Your goal:
For each line of the listing below that contains the string "disp", copy the line.

Data extract:
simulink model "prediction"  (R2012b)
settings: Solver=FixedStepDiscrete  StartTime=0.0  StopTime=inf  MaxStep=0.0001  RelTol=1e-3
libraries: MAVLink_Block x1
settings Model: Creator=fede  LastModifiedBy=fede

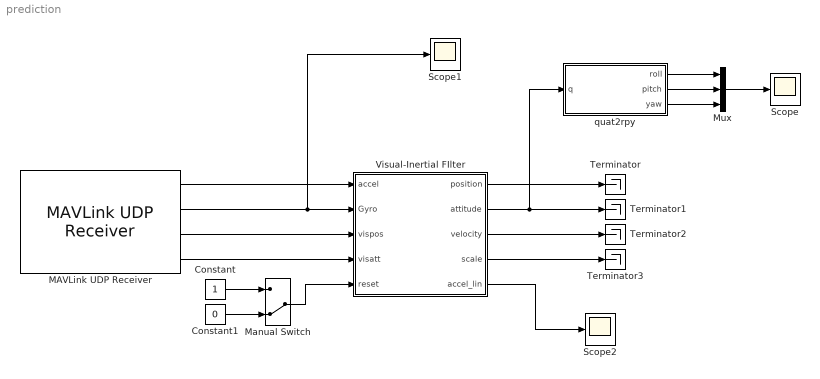
== system prediction ==
  Constant : Constant
  Constant1 : Constant  Value=0
  MAVLink UDP Receiver : MAVLink_Block/MAVLink UDP Receiver  Priority=1  Port=14550  FS=0.001  accel=on  gyro=on  magn=off  vispos=on  visatt=on  msg_vector=0
  Manual Switch : ManualSwitch  CurrentSetting=0
  Mux : Mux  Inputs=3
  Scope : Scope
      settings: TimeRange=250  YMin=-0.375  YMax=0.15
  Scope1 : Scope
      settings: TimeRange=250  YMin=-0.375  YMax=0.15
  Scope2 : Scope
      settings: TimeRange=250  YMin=-6  YMax=10  SaveName=ScopeData2
  Terminator{,1..3} (4 alike) : Terminator
  Visual-Inertial FIlter : Subsystem  TreatAsAtomicUnit=on
  quat2rpy : MATLAB Function  TreatAsAtomicUnit=on
  wires:
  MAVLink UDP Receiver/4 -> Visual-Inertial FIlter/4(visatt)
  MAVLink UDP Receiver/2 -> Scope1/1, Visual-Inertial FIlter/2(Gyro)
  MAVLink UDP Receiver/1 -> Visual-Inertial FIlter/1(accel)
  MAVLink UDP Receiver/3 -> Visual-Inertial FIlter/3(vispos)
  Visual-Inertial FIlter/4(scale) -> Terminator3/1
  Visual-Inertial FIlter/3(velocity) -> Terminator2/1
  Visual-Inertial FIlter/2(attitude) -> quat2rpy/1(q), Terminator1/1
  Visual-Inertial FIlter/1(position) -> Terminator/1
  Manual Switch/1 -> Visual-Inertial FIlter/5(reset)
  Constant/1 -> Manual Switch/1
  Constant1/1 -> Manual Switch/2
  quat2rpy/2(pitch) -> Mux/2
  quat2rpy/1(roll) -> Mux/1
  quat2rpy/3(yaw) -> Mux/3
  Mux/1 -> Scope/1
  Visual-Inertial FIlter/5(accel_lin) -> Scope2/1

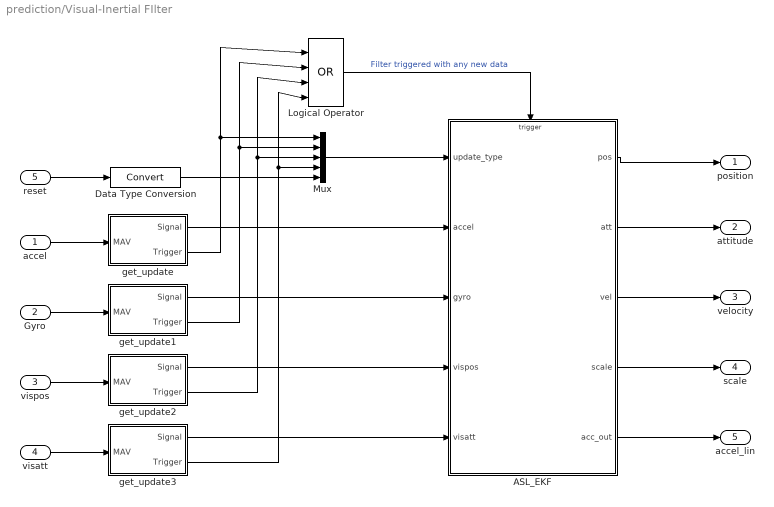
== system prediction/Visual-Inertial FIlter ==
  accel : Inport
  Gyro : Inport  Port=2
  vispos : Inport  Port=3
  visatt : Inport  Port=4
  reset : Inport  Port=5
  ASL_EKF : MATLAB Function  TreatAsAtomicUnit=on
  Data Type Conversion : DataTypeConversion
  Logical Operator : Logic  Operator=OR  Inputs=4  IconShape=distinctive  AllPortsSameDT=off  OutDataTypeStr=boolean
  Mux : Mux  Inputs=5
  get_update : Subsystem
  get_update1 : Subsystem
  get_update2 : Subsystem
  get_update3 : Subsystem
  position : Outport
  attitude : Outport  Port=2
  velocity : Outport  Port=3
  scale : Outport  Port=4
  accel_lin : Outport  Port=5
  wires:
  ASL_EKF/1(pos) -> position/1
  ASL_EKF/2(att) -> attitude/1
  ASL_EKF/3(vel) -> velocity/1
  ASL_EKF/4(scale) -> scale/1
  accel/1 -> get_update/1(MAV)
  visatt/1 -> get_update3/1(MAV)
  vispos/1 -> get_update2/1(MAV)
  Gyro/1 -> get_update1/1(MAV)
  get_update/2(Trigger) -> Logical Operator/1, Mux/1
  get_update1/2(Trigger) -> Logical Operator/2, Mux/2
  get_update2/2(Trigger) -> Logical Operator/3, Mux/3
  Logical Operator/1 -> ASL_EKF/Trigger  "Filter triggered with any new data"
  get_update/1(Signal) -> ASL_EKF/2(accel)
  get_update1/1(Signal) -> ASL_EKF/3(gyro)
  get_update3/2(Trigger) -> Logical Operator/4, Mux/4
  Mux/1 -> ASL_EKF/1(update_type)
  get_update2/1(Signal) -> ASL_EKF/4(vispos)
  get_update3/1(Signal) -> ASL_EKF/5(visatt)
  reset/1 -> Data Type Conversion/1
  Data Type Conversion/1 -> Mux/5
  ASL_EKF/5(acc_out) -> accel_lin/1

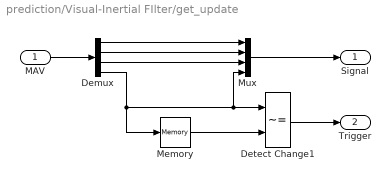
== system prediction/Visual-Inertial FIlter/get_update ==
  MAV : Inport
  Demux : Demux
  Detect Change1 : RelationalOperator  Operator=~=  OutDataTypeStr=boolean
  Memory : Memory
  Mux : Mux
  Signal : Outport
  Trigger : Outport  Port=2
  wires:
  Demux/4 -> Mux/4, Detect Change1/1, Memory/1
  Memory/1 -> Detect Change1/2
  Demux/3 -> Mux/3
  Demux/2 -> Mux/2
  Mux/1 -> Signal/1
  MAV/1 -> Demux/1
  Demux/1 -> Mux/1
  Detect Change1/1 -> Trigger/1

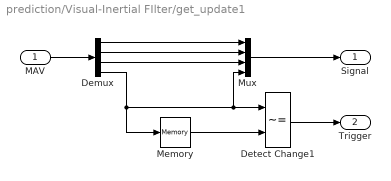
== system prediction/Visual-Inertial FIlter/get_update1 ==
  MAV : Inport
  Demux : Demux
  Detect Change1 : RelationalOperator  Operator=~=  OutDataTypeStr=boolean
  Memory : Memory
  Mux : Mux
  Signal : Outport
  Trigger : Outport  Port=2
  wires:
  Demux/1 -> Mux/1
  MAV/1 -> Demux/1
  Mux/1 -> Signal/1
  Detect Change1/1 -> Trigger/1
  Demux/2 -> Mux/2
  Demux/3 -> Mux/3
  Memory/1 -> Detect Change1/2
  Demux/4 -> Memory/1, Detect Change1/1, Mux/4

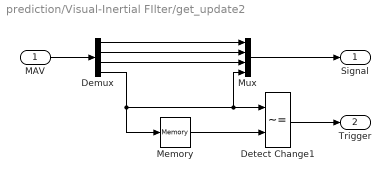
== system prediction/Visual-Inertial FIlter/get_update2 ==
  MAV : Inport
  Demux : Demux
  Detect Change1 : RelationalOperator  Operator=~=  OutDataTypeStr=boolean
  Memory : Memory
  Mux : Mux
  Signal : Outport
  Trigger : Outport  Port=2
  wires:
  Demux/4 -> Mux/4, Detect Change1/1, Memory/1
  Memory/1 -> Detect Change1/2
  Demux/3 -> Mux/3
  Demux/2 -> Mux/2
  Detect Change1/1 -> Trigger/1
  Mux/1 -> Signal/1
  MAV/1 -> Demux/1
  Demux/1 -> Mux/1

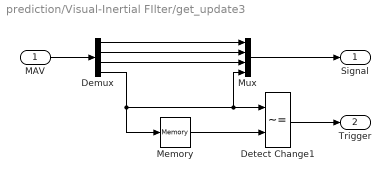
== system prediction/Visual-Inertial FIlter/get_update3 ==
  MAV : Inport
  Demux : Demux
  Detect Change1 : RelationalOperator  Operator=~=  OutDataTypeStr=boolean
  Memory : Memory
  Mux : Mux
  Signal : Outport
  Trigger : Outport  Port=2
  wires:
  Demux/1 -> Mux/1
  MAV/1 -> Demux/1
  Mux/1 -> Signal/1
  Detect Change1/1 -> Trigger/1
  Demux/2 -> Mux/2
  Demux/3 -> Mux/3
  Memory/1 -> Detect Change1/2
  Demux/4 -> Memory/1, Detect Change1/1, Mux/4

== matlab function prediction/Visual-Inertial FIlter/ASL_EKF ==
  data: update_type input; pos output; att output; vel output; accel input; gyro input; vispos input; visatt input; scale output; acc_out output
  events: anyData input RISING_EDGE_EVENT
function [pos, att, vel, scale, acc_out] = full_filter(update_type, accel, gyro, vispos, visatt)
%#codegen

% - Filter implementation from:
% S. Weiss and R. Siegwart, “Real-time metric state estimation for modular 
% vision-inertial systems,” in Robotics and Automation (ICRA), 2011 IEEE 
% International Conference on, 2011, pp. 4531–4537.


    persistent state old_state att_init
    
    % It is defined that the callback from the IMU will be at the
    % accelerometer rate. This is means we will downsample gyro by a factor
    % of 2: 100Hz
    
    
    
    type = 0;
    reset = false;
    if update_type(1) && ~update_type(3)
        type = 1;
    end
    if ~update_type(1) && update_type(3)
        type = 2;
    end
    if update_type(1) && update_type(3)
        type = 3;
    end
    
    if update_type(5)
        reset = true;
    end
    
    if isempty(state) || reset
        att_init = false;
        state.accel_l = zeros(3,1);
        state.pos = zeros(3,1);
        state.vel = zeros(3,1);
        state.att = zeros(4,1);
        state.scale = 0.1;
        state.b_gyro = zeros(3,1);
        state.b_accel = zeros(3,1);
        % calibration states ... keep constant!
        state.cam2imu_rot = zeros(4,1); 
        state.cam2imu_dist = zeros(3,1);
        
    end
    
    % Fill structures
    IMU.gyro = gyro(1:3);
    IMU.accel = accel(1:3);
    IMU.T = accel(end);
    
    vision.vispos = vispos(1:3);
    vision.visatt = visatt(1:3);
    vision.T = vispos(end);
    
    state.IMU = IMU;
    state.vision = vision;
    
    if isempty(old_state)
        pos = state.pos;
        vel = state.vel;
        att = state.att;
        scale = state.scale;
        acc_out = state.accel_l;
        old_state = state;
        return;
    end
    
    switch type
        case 0
%             disp('No update');
            
        case 1 % IMU callback only when accelerometer
            if att_init
                state = IMU_callback(state, old_state);
            else
                [state, att_init] = init_attitude(state, reset);
            end
            
        case 2 % Vision callback
            disp('vision callback');
        
        case 3 % Vision and IMU callback
            disp('vision and imu callback');      
    end

    % - Select output signals.
    pos = state.pos;
    vel = state.vel;
    att = state.att;
    scale = state.scale;
    acc_out = state.accel_l;
    old_state = state;
end


% ----------------------------------------------------------------------- %

% Here we will define functions to be called for each update type, given
% the sate as an argument and returning such state with its update or
% preditcion. 

function state_out = IMU_callback(state, state_old)
    dt = state.IMU.T - state_old.IMU.T;

    ew = state.IMU.gyro;
    ewold = state_old.IMU.gyro;
    ea = state.IMU.accel;
    eaold = state_old.IMU.accel;
    
    omega = omegaJPL(ew);
    omegaOld = omegaJPL(ewold);
    omegaMean = omegaJPL( (ew + ewold)./2 );
    
    state.att = (eye(4) + 0.5*omega*dt)*state_old.att;
    state.att = bsxfun(@rdivide, state.att, sqrt(sum(state.att.^2)));
    
    dv = ( quaternion(state.att)*ea + quaternion(state.att)*eaold ) ./ 2;
    dv = dv + [0 0 9.81]';
    state.vel = state_old.vel + dv*dt;
    state.pos = state_old.pos + (state.vel + state_old.vel)./2*dt;
    state.accel_l = dv;
    state_out = state;
end

function [state_out, att_init] = init_attitude(state, reset)
    % Assume the phone is still.
    % Extract the initial attitude from the accelerometer reading.
    
    persistent count_samples acum_acc
    
    if isempty(count_samples) || reset
        count_samples = 0;
    end
    
    if isempty(acum_acc) || reset
        acum_acc = zeros(3,100);    
    end
    
    if count_samples < 100
        count_samples = count_samples + 1;
        acum_acc(:,count_samples) = state.IMU.accel;
        state_out = state;
        att_init = false;
    else
        % Get attitude
        acc = mean(acum_acc, 2);
        acc = bsxfun(@rdivide, acc, sqrt(sum(acc.^2)));  
        disp('mean acceleration is')
        disp(acc);
        
        % get the quaternion between the direction of gravity and the
        % desired alignment axis, the z-axis.
% (http://www.euclideanspace.com/maths/algebra/vectors/angleBetween/index.htm)
        n = cross(acc, [0 0 -1]');
        d = dot(acc, [0 0 -1]');
        q = [n;d+1];
        q = bsxfun(@rdivide, q, sqrt(sum(q.^2)));  
        state_out = state;
        state_out.att = q;
        att_init = true;
    end 
end

== matlab function prediction/quat2rpy ==
  data: q input; roll output; pitch output; yaw output
function [roll, pitch, yaw] = quat2rpy( q )
%#codegen
    qx = q(1);
    qy = q(2);
    qz = q(3);
    qw = q(4);

    roll = atan2(2*qy*qw-2*qx*qz , 1 - 2*qy^2 - 2*qz^2);
    pitch = asin(2*qx*qy + 2*qz*qw);
    yaw = atan2(2*qx*qw-2*qy*qz , 1 - 2*qx^2 - 2*qz^2);
end

Exercise result:
%             disp('No update');
            disp('vision callback');
            disp('vision and imu callback');      
        disp('mean acceleration is')
        disp(acc);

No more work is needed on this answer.